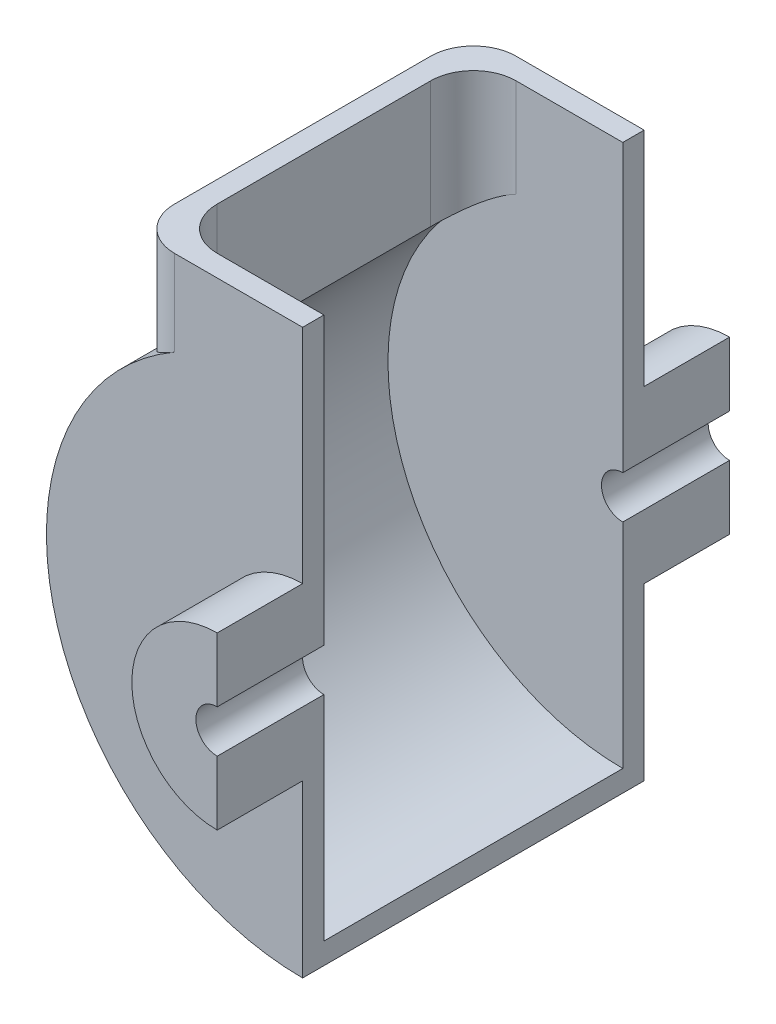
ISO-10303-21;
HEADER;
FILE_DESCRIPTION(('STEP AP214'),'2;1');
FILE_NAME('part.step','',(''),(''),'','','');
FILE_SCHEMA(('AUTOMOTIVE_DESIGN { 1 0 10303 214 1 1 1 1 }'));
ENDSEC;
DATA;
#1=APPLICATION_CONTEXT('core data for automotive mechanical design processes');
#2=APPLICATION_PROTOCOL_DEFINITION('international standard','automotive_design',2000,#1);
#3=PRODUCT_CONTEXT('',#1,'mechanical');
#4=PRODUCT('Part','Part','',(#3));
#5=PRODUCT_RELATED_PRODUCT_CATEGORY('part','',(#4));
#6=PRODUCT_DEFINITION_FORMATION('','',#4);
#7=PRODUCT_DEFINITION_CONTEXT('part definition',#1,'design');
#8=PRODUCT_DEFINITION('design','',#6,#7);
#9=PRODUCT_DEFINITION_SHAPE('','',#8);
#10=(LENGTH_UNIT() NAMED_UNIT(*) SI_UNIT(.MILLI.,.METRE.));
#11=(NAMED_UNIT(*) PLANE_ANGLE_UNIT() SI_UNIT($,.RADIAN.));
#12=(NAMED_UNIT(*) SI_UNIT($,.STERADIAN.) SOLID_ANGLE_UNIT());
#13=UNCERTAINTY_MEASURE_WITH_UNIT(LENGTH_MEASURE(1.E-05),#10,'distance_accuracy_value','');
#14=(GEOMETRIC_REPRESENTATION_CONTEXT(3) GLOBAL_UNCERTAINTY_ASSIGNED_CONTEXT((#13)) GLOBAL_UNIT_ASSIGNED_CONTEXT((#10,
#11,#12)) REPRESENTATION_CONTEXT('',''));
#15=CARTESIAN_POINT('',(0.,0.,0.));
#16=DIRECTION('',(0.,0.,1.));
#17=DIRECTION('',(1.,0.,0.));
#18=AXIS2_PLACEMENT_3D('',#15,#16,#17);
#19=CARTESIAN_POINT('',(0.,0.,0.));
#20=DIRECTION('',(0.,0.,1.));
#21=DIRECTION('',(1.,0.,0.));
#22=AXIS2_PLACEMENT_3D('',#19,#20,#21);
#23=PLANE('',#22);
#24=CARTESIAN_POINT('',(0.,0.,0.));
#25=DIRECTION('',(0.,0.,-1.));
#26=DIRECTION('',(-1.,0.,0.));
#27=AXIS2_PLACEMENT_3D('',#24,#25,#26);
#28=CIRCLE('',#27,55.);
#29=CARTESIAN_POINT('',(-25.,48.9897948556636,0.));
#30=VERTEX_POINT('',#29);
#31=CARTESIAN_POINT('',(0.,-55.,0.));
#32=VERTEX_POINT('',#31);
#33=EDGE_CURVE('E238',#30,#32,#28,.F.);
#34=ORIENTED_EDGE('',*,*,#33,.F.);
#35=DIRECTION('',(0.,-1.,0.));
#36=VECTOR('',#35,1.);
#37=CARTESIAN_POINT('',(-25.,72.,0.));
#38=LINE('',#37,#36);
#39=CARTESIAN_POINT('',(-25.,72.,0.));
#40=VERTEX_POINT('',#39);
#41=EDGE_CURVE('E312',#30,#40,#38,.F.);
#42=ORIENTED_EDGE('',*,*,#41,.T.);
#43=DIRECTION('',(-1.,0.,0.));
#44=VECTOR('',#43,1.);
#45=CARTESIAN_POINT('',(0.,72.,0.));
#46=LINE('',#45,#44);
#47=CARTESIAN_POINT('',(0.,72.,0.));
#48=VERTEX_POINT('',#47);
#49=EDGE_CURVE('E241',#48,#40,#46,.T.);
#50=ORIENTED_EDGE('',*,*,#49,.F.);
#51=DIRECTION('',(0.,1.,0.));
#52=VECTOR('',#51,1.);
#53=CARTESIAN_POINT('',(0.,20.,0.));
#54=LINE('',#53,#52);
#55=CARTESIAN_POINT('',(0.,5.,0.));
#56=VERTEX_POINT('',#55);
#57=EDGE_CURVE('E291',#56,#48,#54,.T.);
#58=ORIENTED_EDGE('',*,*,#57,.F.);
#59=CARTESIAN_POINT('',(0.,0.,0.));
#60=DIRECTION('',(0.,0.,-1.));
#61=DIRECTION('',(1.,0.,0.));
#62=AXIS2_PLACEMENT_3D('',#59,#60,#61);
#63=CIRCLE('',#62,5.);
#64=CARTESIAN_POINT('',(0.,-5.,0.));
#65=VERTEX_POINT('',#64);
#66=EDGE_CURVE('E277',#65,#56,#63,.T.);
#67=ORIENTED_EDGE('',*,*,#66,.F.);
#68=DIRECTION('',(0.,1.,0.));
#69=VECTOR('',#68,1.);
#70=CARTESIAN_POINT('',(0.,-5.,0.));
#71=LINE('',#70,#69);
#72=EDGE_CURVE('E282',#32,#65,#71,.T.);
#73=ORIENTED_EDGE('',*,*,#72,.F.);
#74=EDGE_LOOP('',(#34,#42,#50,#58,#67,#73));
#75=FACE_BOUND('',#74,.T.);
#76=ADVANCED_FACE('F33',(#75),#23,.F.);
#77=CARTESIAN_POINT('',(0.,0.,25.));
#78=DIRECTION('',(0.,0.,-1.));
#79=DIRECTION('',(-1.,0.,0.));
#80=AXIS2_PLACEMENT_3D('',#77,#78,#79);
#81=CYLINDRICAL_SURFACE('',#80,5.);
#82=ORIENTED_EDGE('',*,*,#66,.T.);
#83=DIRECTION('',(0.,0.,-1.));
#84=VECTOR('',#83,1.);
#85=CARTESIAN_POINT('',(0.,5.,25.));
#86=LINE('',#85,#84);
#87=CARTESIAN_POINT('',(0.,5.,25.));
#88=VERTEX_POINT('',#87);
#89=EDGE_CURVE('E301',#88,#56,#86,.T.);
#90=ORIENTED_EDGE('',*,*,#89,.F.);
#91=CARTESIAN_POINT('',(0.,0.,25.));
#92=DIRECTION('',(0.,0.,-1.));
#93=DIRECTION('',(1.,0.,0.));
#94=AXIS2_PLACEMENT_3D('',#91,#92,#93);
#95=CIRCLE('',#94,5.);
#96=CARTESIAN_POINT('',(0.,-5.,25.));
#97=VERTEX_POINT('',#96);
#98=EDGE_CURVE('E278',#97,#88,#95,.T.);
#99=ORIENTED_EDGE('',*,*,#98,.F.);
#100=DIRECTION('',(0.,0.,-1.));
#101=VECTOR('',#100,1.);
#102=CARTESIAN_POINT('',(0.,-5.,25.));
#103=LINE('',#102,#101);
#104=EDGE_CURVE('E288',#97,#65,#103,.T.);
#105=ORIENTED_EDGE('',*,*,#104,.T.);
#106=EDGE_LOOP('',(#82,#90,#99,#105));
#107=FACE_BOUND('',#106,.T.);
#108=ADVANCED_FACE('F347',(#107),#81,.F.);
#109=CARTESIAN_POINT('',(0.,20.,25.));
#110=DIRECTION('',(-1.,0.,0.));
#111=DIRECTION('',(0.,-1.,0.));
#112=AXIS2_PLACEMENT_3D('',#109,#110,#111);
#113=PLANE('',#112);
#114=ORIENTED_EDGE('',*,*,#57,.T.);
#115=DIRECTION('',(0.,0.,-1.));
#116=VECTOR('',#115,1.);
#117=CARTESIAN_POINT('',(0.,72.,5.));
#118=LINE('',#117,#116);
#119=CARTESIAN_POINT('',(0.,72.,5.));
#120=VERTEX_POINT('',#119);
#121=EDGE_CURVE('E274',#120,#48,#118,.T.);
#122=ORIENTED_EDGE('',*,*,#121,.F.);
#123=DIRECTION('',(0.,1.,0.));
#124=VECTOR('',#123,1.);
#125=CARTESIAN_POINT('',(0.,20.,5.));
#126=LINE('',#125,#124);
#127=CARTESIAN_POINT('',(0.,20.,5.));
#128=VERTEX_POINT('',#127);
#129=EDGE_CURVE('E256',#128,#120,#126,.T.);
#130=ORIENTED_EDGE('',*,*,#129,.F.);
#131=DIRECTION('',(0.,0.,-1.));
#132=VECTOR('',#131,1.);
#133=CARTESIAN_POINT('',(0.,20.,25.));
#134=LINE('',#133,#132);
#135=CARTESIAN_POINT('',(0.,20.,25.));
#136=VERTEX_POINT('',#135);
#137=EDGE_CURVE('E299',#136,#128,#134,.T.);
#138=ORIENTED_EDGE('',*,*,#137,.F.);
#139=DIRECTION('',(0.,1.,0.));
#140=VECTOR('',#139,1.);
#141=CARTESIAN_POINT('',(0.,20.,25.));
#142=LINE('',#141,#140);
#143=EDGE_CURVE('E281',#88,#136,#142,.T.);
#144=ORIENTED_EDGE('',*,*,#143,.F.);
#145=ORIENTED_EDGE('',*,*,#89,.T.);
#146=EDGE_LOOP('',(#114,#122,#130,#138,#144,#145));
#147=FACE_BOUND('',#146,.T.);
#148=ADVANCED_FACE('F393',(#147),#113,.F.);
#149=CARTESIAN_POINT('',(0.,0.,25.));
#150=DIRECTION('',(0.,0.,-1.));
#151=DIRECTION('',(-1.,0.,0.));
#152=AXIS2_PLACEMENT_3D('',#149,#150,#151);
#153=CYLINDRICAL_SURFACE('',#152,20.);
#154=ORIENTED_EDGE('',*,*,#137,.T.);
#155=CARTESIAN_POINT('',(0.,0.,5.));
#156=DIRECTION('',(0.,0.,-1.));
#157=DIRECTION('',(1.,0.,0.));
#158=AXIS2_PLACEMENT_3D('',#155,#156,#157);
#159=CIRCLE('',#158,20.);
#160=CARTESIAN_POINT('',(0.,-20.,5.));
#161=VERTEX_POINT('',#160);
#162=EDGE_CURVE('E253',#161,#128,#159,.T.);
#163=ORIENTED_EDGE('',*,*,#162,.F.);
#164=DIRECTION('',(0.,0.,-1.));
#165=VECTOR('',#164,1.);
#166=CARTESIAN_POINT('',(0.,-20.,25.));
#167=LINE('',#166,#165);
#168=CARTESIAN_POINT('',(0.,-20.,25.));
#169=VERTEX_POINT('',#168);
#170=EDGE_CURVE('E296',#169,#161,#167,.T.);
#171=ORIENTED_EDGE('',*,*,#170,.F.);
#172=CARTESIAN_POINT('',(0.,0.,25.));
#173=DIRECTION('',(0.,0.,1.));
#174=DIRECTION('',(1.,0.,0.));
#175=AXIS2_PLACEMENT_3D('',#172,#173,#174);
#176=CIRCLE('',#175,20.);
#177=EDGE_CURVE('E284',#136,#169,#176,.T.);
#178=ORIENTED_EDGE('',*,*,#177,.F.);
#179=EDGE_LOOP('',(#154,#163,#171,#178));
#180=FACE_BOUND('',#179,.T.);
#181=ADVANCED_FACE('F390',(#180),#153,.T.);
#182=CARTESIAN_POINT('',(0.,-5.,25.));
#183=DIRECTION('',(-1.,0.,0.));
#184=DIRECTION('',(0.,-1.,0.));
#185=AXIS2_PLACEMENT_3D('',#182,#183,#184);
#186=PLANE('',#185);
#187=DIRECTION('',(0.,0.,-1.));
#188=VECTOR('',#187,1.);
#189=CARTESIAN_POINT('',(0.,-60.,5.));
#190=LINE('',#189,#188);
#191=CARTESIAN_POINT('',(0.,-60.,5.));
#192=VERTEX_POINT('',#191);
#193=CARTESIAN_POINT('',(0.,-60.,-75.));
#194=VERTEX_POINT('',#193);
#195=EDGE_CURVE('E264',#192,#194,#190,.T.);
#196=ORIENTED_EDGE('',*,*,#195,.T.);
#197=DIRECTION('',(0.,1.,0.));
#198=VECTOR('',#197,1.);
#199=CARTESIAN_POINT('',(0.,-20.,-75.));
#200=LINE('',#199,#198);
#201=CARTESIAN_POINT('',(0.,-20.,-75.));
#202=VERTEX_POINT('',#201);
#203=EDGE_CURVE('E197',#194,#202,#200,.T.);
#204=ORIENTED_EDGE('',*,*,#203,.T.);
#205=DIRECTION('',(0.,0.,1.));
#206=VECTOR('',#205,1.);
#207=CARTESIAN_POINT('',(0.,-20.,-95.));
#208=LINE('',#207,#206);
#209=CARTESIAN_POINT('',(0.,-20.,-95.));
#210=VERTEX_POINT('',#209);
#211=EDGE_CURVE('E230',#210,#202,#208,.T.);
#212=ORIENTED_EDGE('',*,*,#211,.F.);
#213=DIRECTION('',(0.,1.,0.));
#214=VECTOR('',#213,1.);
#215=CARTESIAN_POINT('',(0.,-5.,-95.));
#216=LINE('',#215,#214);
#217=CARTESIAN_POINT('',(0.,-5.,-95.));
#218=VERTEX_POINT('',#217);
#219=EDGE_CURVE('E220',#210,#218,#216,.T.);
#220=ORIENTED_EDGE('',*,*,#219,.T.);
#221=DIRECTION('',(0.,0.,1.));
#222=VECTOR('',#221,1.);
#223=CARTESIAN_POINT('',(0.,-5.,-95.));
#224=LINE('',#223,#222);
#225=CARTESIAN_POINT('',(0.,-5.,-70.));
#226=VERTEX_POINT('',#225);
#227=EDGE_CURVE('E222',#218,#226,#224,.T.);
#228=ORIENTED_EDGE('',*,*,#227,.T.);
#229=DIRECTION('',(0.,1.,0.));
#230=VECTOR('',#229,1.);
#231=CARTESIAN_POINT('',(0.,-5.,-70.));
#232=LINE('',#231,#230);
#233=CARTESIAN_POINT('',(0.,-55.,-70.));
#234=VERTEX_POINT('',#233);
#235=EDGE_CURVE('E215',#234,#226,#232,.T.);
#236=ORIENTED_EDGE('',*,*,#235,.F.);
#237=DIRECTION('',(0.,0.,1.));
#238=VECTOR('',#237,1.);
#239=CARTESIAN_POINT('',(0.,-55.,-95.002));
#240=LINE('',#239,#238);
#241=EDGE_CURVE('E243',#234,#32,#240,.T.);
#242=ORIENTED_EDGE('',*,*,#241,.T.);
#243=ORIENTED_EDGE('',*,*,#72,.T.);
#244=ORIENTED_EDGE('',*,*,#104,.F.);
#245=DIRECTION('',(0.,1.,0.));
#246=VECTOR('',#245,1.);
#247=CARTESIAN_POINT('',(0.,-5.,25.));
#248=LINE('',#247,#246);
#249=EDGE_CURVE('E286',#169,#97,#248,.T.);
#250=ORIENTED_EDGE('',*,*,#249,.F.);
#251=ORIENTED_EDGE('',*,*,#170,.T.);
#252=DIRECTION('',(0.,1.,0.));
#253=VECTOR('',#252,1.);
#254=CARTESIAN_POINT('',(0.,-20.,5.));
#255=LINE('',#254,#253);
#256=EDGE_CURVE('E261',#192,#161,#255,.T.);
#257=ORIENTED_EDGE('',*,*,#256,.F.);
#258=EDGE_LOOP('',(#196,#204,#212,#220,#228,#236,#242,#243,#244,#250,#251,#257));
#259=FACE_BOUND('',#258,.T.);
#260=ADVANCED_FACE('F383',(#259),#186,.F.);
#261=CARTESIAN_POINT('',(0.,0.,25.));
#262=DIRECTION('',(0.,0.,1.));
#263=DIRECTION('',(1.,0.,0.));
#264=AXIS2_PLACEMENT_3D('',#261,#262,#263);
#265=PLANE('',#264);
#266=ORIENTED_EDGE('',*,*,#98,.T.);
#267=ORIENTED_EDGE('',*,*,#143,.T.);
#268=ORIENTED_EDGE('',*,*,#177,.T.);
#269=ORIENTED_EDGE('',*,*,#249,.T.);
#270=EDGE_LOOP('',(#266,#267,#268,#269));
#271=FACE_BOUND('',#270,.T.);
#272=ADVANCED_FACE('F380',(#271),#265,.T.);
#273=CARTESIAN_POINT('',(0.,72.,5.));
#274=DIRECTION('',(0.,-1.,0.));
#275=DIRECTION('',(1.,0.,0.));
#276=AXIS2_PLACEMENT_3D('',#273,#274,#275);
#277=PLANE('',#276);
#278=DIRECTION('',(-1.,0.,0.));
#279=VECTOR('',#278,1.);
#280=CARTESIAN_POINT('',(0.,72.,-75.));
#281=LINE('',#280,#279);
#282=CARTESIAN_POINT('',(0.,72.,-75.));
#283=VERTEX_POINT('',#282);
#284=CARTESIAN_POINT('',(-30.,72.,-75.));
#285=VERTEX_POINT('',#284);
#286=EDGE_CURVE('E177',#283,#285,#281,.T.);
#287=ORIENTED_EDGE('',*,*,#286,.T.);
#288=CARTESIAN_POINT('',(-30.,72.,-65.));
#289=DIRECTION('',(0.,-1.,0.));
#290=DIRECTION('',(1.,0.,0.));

◆ ◆ ◆ ◆ ◆ ◆ ◆

Exercise objective: Please set down exactly the lines running from the one with "#284=CARTESIAN_POINT('',(-30.,72.,-75.));" to the last line of the entries above, both of them included, and no others.

Exercise solution:
#284=CARTESIAN_POINT('',(-30.,72.,-75.));
#285=VERTEX_POINT('',#284);
#286=EDGE_CURVE('E177',#283,#285,#281,.T.);
#287=ORIENTED_EDGE('',*,*,#286,.T.);
#288=CARTESIAN_POINT('',(-30.,72.,-65.));
#289=DIRECTION('',(0.,-1.,0.));
#290=DIRECTION('',(1.,0.,0.));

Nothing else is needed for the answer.